Now we can wait for the spate of "I'm not paying that" "that's too much" combined with the "I'm waiting for it to go on sale." Shortly after Bean abandons the line in a year or so, we can then get back to that standard b!tch fest about how nothing is made in America.

Good times.


----------



## eagle2250 (Mar 24, 2006)

^^LOL
....but first we must wait for LL Bean's Fall catalogs to hit our mailboxes!


----------



## WouldaShoulda (Aug 5, 2009)

Epaminondas said:


> Now we can wait for the spate of "I'm not paying that" "that's too much" combined with the "I'm waiting for it to go on sale." Shortly after Bean abandons the line in a year or so, we can then get back to that standard b!tch fest about how nothing is made in America.
> 
> Good times.


Perfect rant!!


----------



## hardline_42 (Jan 20, 2010)

Epaminondas said:


> Now we can wait for the spate of "I'm not paying that" "that's too much" combined with the "I'm waiting for it to go on sale." Shortly after Bean abandons the line in a year or so, we can then get back to that standard b!tch fest about how nothing is made in America.
> 
> Good times.


The thing about that is, L.L. Bean already has a lot of MUSA products. Almost 800, if I remember correctly.

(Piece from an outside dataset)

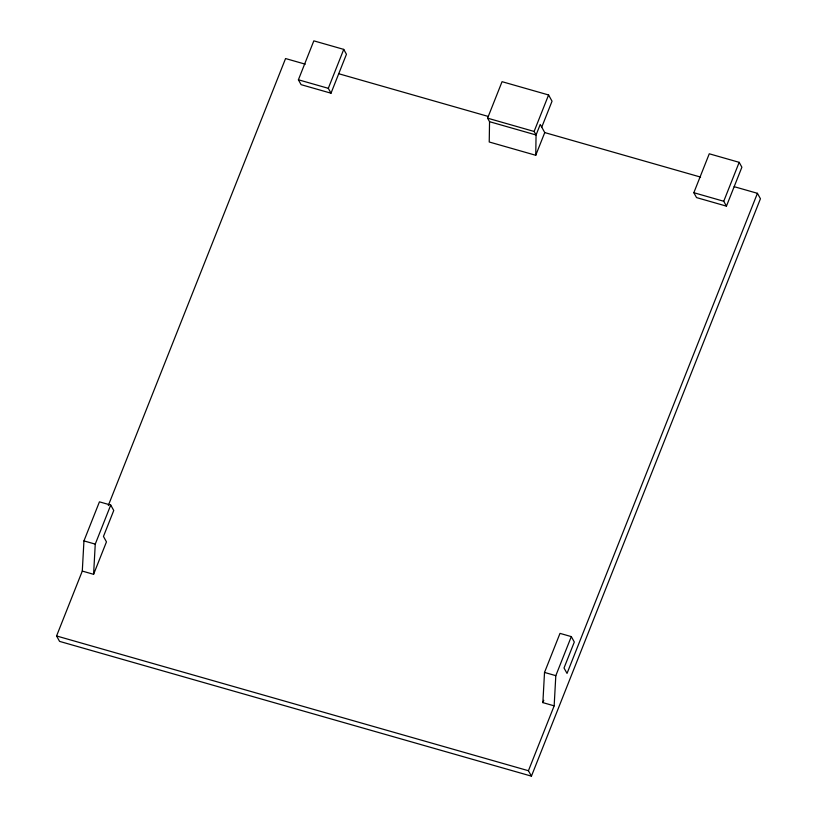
<?xml version="1.0" encoding="UTF-8"?>
<svg xmlns="http://www.w3.org/2000/svg" width="817" height="817" viewBox="0 0 817 817"><rect width="100%" height="100%" fill="white"/><g stroke="black" fill="none" stroke-linecap="round" stroke-linejoin="round"><path stroke-width="1.23" d="M541.753 127.156L552.037 101.206L548.585 94.966L502.057 81.68L487.586 118.169L489.546 121.692L489.23 141.995L535.748 155.281L544.755 132.579L540.241 124.439L536.064 134.979L535.748 155.281M82.292 571.083L83.947 540.895L99.439 501.842L110.734 505.069L113.747 510.492L103.453 536.442L106.455 541.875L93.598 574.31L82.292 571.083L56.567 635.963L59.57 641.386L531.438 776.15L760.433 198.745L757.43 193.312L734.166 186.674M93.598 574.31L95.252 544.122L110.734 505.069M531.438 776.15L528.436 770.727L554.161 705.847L542.866 702.62L544.52 672.432L560.002 633.379L571.308 636.606L574.31 642.029L564.016 667.989L567.029 673.412L757.43 193.312M554.161 705.847L555.815 675.659L571.308 636.606M108.324 505.457L285.562 58.548L305.262 64.175M298.399 79.78L313.83 40.85L343.743 49.388L346.449 54.269L331.008 93.199L301.105 84.662L298.399 79.78L328.301 88.318L331.008 93.199M328.301 88.318L343.743 49.388M489.546 121.692L536.064 134.979L534.114 131.455L548.585 94.966M693.837 192.71L709.268 153.79L739.181 162.328L741.887 167.209L726.446 206.139L696.544 197.591L693.837 192.71L723.739 201.258L726.446 206.139M723.739 201.258L739.181 162.328M542.866 702.62L543.785 700.302M338.728 73.734L488.413 116.484M544.755 132.579L700.577 177.085M487.586 118.169L534.114 131.455M83.947 540.895L95.252 544.122M544.52 672.432L555.815 675.659M56.567 635.963L528.436 770.727"/></g></svg>

So does Lands' End (and for a reasonable price, too) but you'd never know about it unless you read the fine print. The problem is when these retailers invest a ton of money marketing these products and then pass the cost on to the consumer. I'd much rather they just increase the number of domestic manufacturers for their products and let us find out on our own.


----------



## Coffee Mug (Mar 27, 2011)

Excellent news! Long-term relationships with domestic manufacturers helped LLB and LE build their reputations for reliable quality. Lowest-bid outsourcing eroded those reputations significantly, and hopefully this is a step back in the right direction.


----------



## sbdivemaster (Nov 13, 2011)

Don't know why they would spend that kind of money; it would cost pennies to put a link on their websites with an American flag, clicking it would bring up all MUSA products. Voila. Word would spread, and costs would be kept down.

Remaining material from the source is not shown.